Neural networks and deep learning models are commonly considered to be black-box models that are not transparent. However, by examining the three criteria of system transparency, we can see that neural networks and deep learning models can often satisfy the first two criteria of system transparency. We can explicitly define how to transform inputs to outputs but the conditions to produce certain outputs are often difficult to explain. Therefore, we consider neural networks and deep learning models to be partially transparent models, or semi-transparent models.

Neural networks can be used for both supervised and unsupervised learning. We will focus on supervised learning in this chapter.

Ingredients: neural networks

  • Input: features of data samples

  • Output: target values (regression) or class labels (classification) of data samples

  • Model: pass the input through multiple layers of “neurons”, where each neuron is a linear function (weighted sum plus bias) followed by a nonlinear activation function to produce an output for the next layer of neurons (or the final output after the last layer of neurons)

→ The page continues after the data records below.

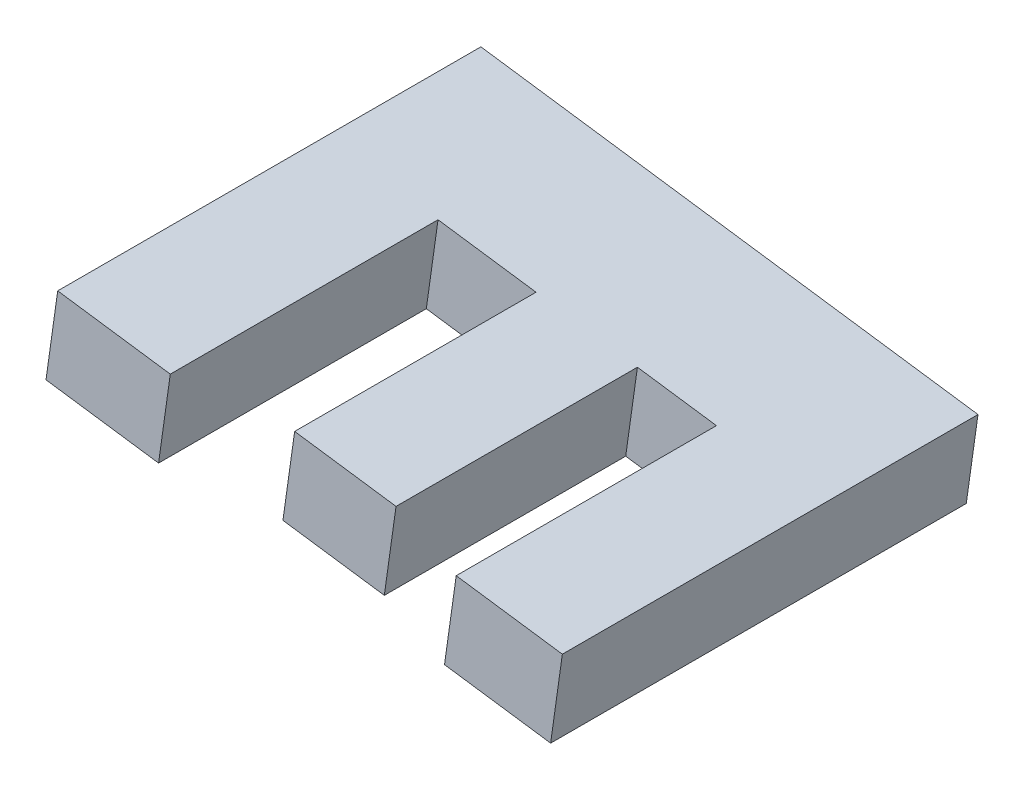
ISO-10303-21;
HEADER;
FILE_DESCRIPTION(('STEP AP214'),'2;1');
FILE_NAME('part.step','',(''),(''),'','','');
FILE_SCHEMA(('AUTOMOTIVE_DESIGN { 1 0 10303 214 1 1 1 1 }'));
ENDSEC;
DATA;
#1=APPLICATION_CONTEXT('core data for automotive mechanical design processes');
#2=APPLICATION_PROTOCOL_DEFINITION('international standard','automotive_design',2000,#1);
#3=PRODUCT_CONTEXT('',#1,'mechanical');
#4=PRODUCT('Part','Part','',(#3));
#5=PRODUCT_RELATED_PRODUCT_CATEGORY('part','',(#4));
#6=PRODUCT_DEFINITION_FORMATION('','',#4);
#7=PRODUCT_DEFINITION_CONTEXT('part definition',#1,'design');
#8=PRODUCT_DEFINITION('design','',#6,#7);
#9=PRODUCT_DEFINITION_SHAPE('','',#8);
#10=(LENGTH_UNIT() NAMED_UNIT(*) SI_UNIT(.MILLI.,.METRE.));
#11=(NAMED_UNIT(*) PLANE_ANGLE_UNIT() SI_UNIT($,.RADIAN.));
#12=(NAMED_UNIT(*) SI_UNIT($,.STERADIAN.) SOLID_ANGLE_UNIT());
#13=UNCERTAINTY_MEASURE_WITH_UNIT(LENGTH_MEASURE(1.E-05),#10,'distance_accuracy_value','');
#14=(GEOMETRIC_REPRESENTATION_CONTEXT(3) GLOBAL_UNCERTAINTY_ASSIGNED_CONTEXT((#13)) GLOBAL_UNIT_ASSIGNED_CONTEXT((#10,
#11,#12)) REPRESENTATION_CONTEXT('',''));
#15=CARTESIAN_POINT('',(0.,0.,0.));
#16=DIRECTION('',(0.,0.,1.));
#17=DIRECTION('',(1.,0.,0.));
#18=AXIS2_PLACEMENT_3D('',#15,#16,#17);
#19=CARTESIAN_POINT('',(740.126097386301,631.787182805213,1787.81099454484));
#20=DIRECTION('',(0.990268068741567,-0.139173100960088,0.));
#21=DIRECTION('',(-0.000106014336864278,-0.000754331202662602,-0.999999709872657));
#22=AXIS2_PLACEMENT_3D('',#19,#20,#21);
#23=PLANE('',#22);
#24=CARTESIAN_POINT('',(738.734366780479,621.884504990836,1787.81861198931));
#25=CARTESIAN_POINT('',(738.737000506365,621.903244924261,1812.66171528641));
#26=CARTESIAN_POINT('',(738.739634232251,621.921984857686,1837.50481858353));
#27=B_SPLINE_CURVE_WITH_KNOTS('',2,(#24,#25,#26),.UNSPECIFIED.,.F.,.F.,(3,3),(0.,1.),.UNSPECIFIED.);
#28=CARTESIAN_POINT('',(738.734366780479,621.884504990836,1787.81861198931));
#29=VERTEX_POINT('',#28);
#30=CARTESIAN_POINT('',(738.739634232251,621.921984857686,1837.50481858353));
#31=VERTEX_POINT('',#30);
#32=EDGE_CURVE('E146',#29,#31,#27,.T.);
#33=ORIENTED_EDGE('',*,*,#32,.F.);
#34=DIRECTION('',(-0.139173060582166,-0.990267781437723,0.000761744447259827));
#35=VECTOR('',#34,1.);
#36=CARTESIAN_POINT('',(740.126097386301,631.787182805213,1787.81099454484));
#37=LINE('',#36,#35);
#38=CARTESIAN_POINT('',(740.126097386301,631.787182805213,1787.81099454484));
#39=VERTEX_POINT('',#38);
#40=EDGE_CURVE('E33',#39,#29,#37,.T.);
#41=ORIENTED_EDGE('',*,*,#40,.F.);
#42=CARTESIAN_POINT('',(740.126097386301,631.787182805213,1787.81099454484));
#43=CARTESIAN_POINT('',(740.128731112187,631.805922738638,1812.65409784195));
#44=CARTESIAN_POINT('',(740.131364838072,631.824662672063,1837.49720113905));
#45=B_SPLINE_CURVE_WITH_KNOTS('',2,(#42,#43,#44),.UNSPECIFIED.,.F.,.F.,(3,3),(0.,1.),.UNSPECIFIED.);
#46=CARTESIAN_POINT('',(740.131364838072,631.824662672063,1837.49720113905));
#47=VERTEX_POINT('',#46);
#48=EDGE_CURVE('E238',#39,#47,#45,.T.);
#49=ORIENTED_EDGE('',*,*,#48,.T.);
#50=DIRECTION('',(-0.139173060582166,-0.990267781437723,0.000761744447259827));
#51=VECTOR('',#50,1.);
#52=CARTESIAN_POINT('',(740.131364838072,631.824662672063,1837.49720113905));
#53=LINE('',#52,#51);
#54=EDGE_CURVE('E11',#47,#31,#53,.T.);
#55=ORIENTED_EDGE('',*,*,#54,.T.);
#56=EDGE_LOOP('',(#33,#41,#49,#55));
#57=FACE_BOUND('',#56,.T.);
#58=ADVANCED_FACE('F17',(#57),#23,.T.);
#59=CARTESIAN_POINT('',(740.131364838072,631.824662672063,1837.49720113905));
#60=DIRECTION('',(0.000106014336864278,0.000754331202662602,0.999999709872657));
#61=DIRECTION('',(0.990268068741567,-0.139173100960088,0.));
#62=AXIS2_PLACEMENT_3D('',#59,#60,#61);
#63=PLANE('',#62);
#64=CARTESIAN_POINT('',(738.739634232251,621.921984857686,1837.50481858353));
#65=CARTESIAN_POINT('',(732.396784869711,622.813414201489,1837.50481858353));
#66=CARTESIAN_POINT('',(726.053935507171,623.704843545292,1837.50481858353));
#67=B_SPLINE_CURVE_WITH_KNOTS('',2,(#64,#65,#66),.UNSPECIFIED.,.F.,.F.,(3,3),(1.,2.),.UNSPECIFIED.);
#68=CARTESIAN_POINT('',(726.053935507171,623.704843545292,1837.50481858353));
#69=VERTEX_POINT('',#68);
#70=EDGE_CURVE('E154',#31,#69,#67,.T.);
#71=ORIENTED_EDGE('',*,*,#70,.F.);
#72=ORIENTED_EDGE('',*,*,#54,.F.);
#73=CARTESIAN_POINT('',(740.131364838072,631.824662672063,1837.49720113905));
#74=CARTESIAN_POINT('',(733.788515475533,632.716092015866,1837.49720113905));
#75=CARTESIAN_POINT('',(727.445666112993,633.607521359669,1837.49720113905));
#76=B_SPLINE_CURVE_WITH_KNOTS('',2,(#73,#74,#75),.UNSPECIFIED.,.F.,.F.,(3,3),(1.,2.),.UNSPECIFIED.);
#77=CARTESIAN_POINT('',(727.445666112993,633.607521359669,1837.49720113905));
#78=VERTEX_POINT('',#77);
#79=EDGE_CURVE('E258',#47,#78,#76,.T.);
#80=ORIENTED_EDGE('',*,*,#79,.T.);
#81=DIRECTION('',(-0.139173060582166,-0.990267781437723,0.000761744447259827));
#82=VECTOR('',#81,1.);
#83=CARTESIAN_POINT('',(727.445666112993,633.607521359669,1837.49720113905));
#84=LINE('',#83,#82);
#85=EDGE_CURVE('E25',#78,#69,#84,.T.);
#86=ORIENTED_EDGE('',*,*,#85,.T.);
#87=EDGE_LOOP('',(#71,#72,#80,#86));
#88=FACE_BOUND('',#87,.T.);
#89=ADVANCED_FACE('F257',(#88),#63,.T.);
#90=CARTESIAN_POINT('',(727.445666112993,633.607521359669,1837.49720113905));
#91=DIRECTION('',(-0.990268068741567,0.139173100960088,0.));
#92=DIRECTION('',(0.000106014336867813,0.000754331202662105,0.999999709872657));
#93=AXIS2_PLACEMENT_3D('',#90,#91,#92);
#94=PLANE('',#93);
#95=CARTESIAN_POINT('',(726.053935507171,623.704843545292,1837.50481858353));
#96=CARTESIAN_POINT('',(726.052286716666,623.693111791253,1821.95229922125));
#97=CARTESIAN_POINT('',(726.050637926161,623.681380037215,1806.39977985897));
#98=B_SPLINE_CURVE_WITH_KNOTS('',2,(#95,#96,#97),.UNSPECIFIED.,.F.,.F.,(3,3),(2.,3.),.UNSPECIFIED.);
#99=CARTESIAN_POINT('',(726.050637926161,623.681380037215,1806.39977985897));
#100=VERTEX_POINT('',#99);
#101=EDGE_CURVE('E162',#69,#100,#98,.T.);
#102=ORIENTED_EDGE('',*,*,#101,.F.);
#103=ORIENTED_EDGE('',*,*,#85,.F.);
#104=CARTESIAN_POINT('',(727.445666112993,633.607521359669,1837.49720113905));
#105=CARTESIAN_POINT('',(727.444017322488,633.59578960563,1821.94468177678));
#106=CARTESIAN_POINT('',(727.442368531983,633.584057851592,1806.3921624145));
#107=B_SPLINE_CURVE_WITH_KNOTS('',2,(#104,#105,#106),.UNSPECIFIED.,.F.,.F.,(3,3),(2.,3.),.UNSPECIFIED.);
#108=CARTESIAN_POINT('',(727.442368531983,633.584057851592,1806.3921624145));
#109=VERTEX_POINT('',#108);
#110=EDGE_CURVE('E267',#78,#109,#107,.T.);
#111=ORIENTED_EDGE('',*,*,#110,.T.);
#112=DIRECTION('',(-0.139173060582166,-0.990267781437723,0.000761744447259827));
#113=VECTOR('',#112,1.);
#114=CARTESIAN_POINT('',(727.442368531983,633.584057851592,1806.3921624145));
#115=LINE('',#114,#113);
#116=EDGE_CURVE('E255',#109,#100,#115,.T.);
#117=ORIENTED_EDGE('',*,*,#116,.T.);
#118=EDGE_LOOP('',(#102,#103,#111,#117));
#119=FACE_BOUND('',#118,.T.);
#120=ADVANCED_FACE('F262',(#119),#94,.T.);
#121=CARTESIAN_POINT('',(727.442368531983,633.584057851592,1806.3921624145));
#122=DIRECTION('',(0.000106014336864278,0.000754331202662602,0.999999709872657));
#123=DIRECTION('',(0.990268068741567,-0.139173100960088,0.));
#124=AXIS2_PLACEMENT_3D('',#121,#122,#123);
#125=PLANE('',#124);
#126=CARTESIAN_POINT('',(726.050637926161,623.681380037215,1806.39977985897));
#127=CARTESIAN_POINT('',(721.328964119542,624.344968015189,1806.39977985897));
#128=CARTESIAN_POINT('',(716.607290312923,625.008555993164,1806.39977985897));
#129=B_SPLINE_CURVE_WITH_KNOTS('',2,(#126,#127,#128),.UNSPECIFIED.,.F.,.F.,(3,3),(3.,4.),.UNSPECIFIED.);
#130=CARTESIAN_POINT('',(716.607290312923,625.008555993164,1806.39977985897));
#131=VERTEX_POINT('',#130);
#132=EDGE_CURVE('E170',#100,#131,#129,.T.);
#133=ORIENTED_EDGE('',*,*,#132,.F.);
#134=ORIENTED_EDGE('',*,*,#116,.F.);
#135=CARTESIAN_POINT('',(727.442368531983,633.584057851592,1806.3921624145));
#136=CARTESIAN_POINT('',(722.720694725364,634.247645829567,1806.3921624145));
#137=CARTESIAN_POINT('',(717.999020918745,634.911233807541,1806.3921624145));
#138=B_SPLINE_CURVE_WITH_KNOTS('',2,(#135,#136,#137),.UNSPECIFIED.,.F.,.F.,(3,3),(3.,4.),.UNSPECIFIED.);
#139=CARTESIAN_POINT('',(717.999020918745,634.911233807541,1806.3921624145));
#140=VERTEX_POINT('',#139);
#141=EDGE_CURVE('E283',#109,#140,#138,.T.);
#142=ORIENTED_EDGE('',*,*,#141,.T.);
#143=DIRECTION('',(-0.139173060582166,-0.990267781437723,0.000761744447259827));
#144=VECTOR('',#143,1.);
#145=CARTESIAN_POINT('',(717.999020918745,634.911233807541,1806.3921624145));
#146=LINE('',#145,#144);
#147=EDGE_CURVE('E253',#140,#131,#146,.T.);
#148=ORIENTED_EDGE('',*,*,#147,.T.);
#149=EDGE_LOOP('',(#133,#134,#142,#148));
#150=FACE_BOUND('',#149,.T.);
#151=ADVANCED_FACE('F351',(#150),#125,.T.);
#152=CARTESIAN_POINT('',(717.999020918745,634.911233807541,1806.3921624145));
#153=DIRECTION('',(0.990268068741567,-0.139173100960088,0.));
#154=DIRECTION('',(-0.000106014336864278,-0.000754331202662602,-0.999999709872657));
#155=AXIS2_PLACEMENT_3D('',#152,#153,#154);
#156=PLANE('',#155);
#157=CARTESIAN_POINT('',(716.607290312923,625.008555993164,1806.39977985897));
#158=CARTESIAN_POINT('',(716.608819783063,625.019438738687,1820.82678795161));
#159=CARTESIAN_POINT('',(716.610349253202,625.03032148421,1835.25379604425));
#160=B_SPLINE_CURVE_WITH_KNOTS('',2,(#157,#158,#159),.UNSPECIFIED.,.F.,.F.,(3,3),(4.,5.),.UNSPECIFIED.);
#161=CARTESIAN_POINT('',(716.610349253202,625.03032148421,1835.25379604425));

    • Hyperparameter(s): number of layers, number of neurons in each layer, activation function, and/or learning rate

    • Parameter(s): weights and biases of each neuron

  • Loss function: mean squared error / residual sum of squares (regression) or cross-entropy (classification), or other loss functions

  • Learning algorithm: gradient descent (or other optimisation algorithms)

Transparency

System logic

  • Condition to produce certain output: due to the complexity of the model, it is difficult to explain the conditions to produce certain output. Although there are some methods to explain the output of neural networks and deep learning models such as the local interpretable model-agnostic explanations (LIME), such explanations are approximate and may not be accurate.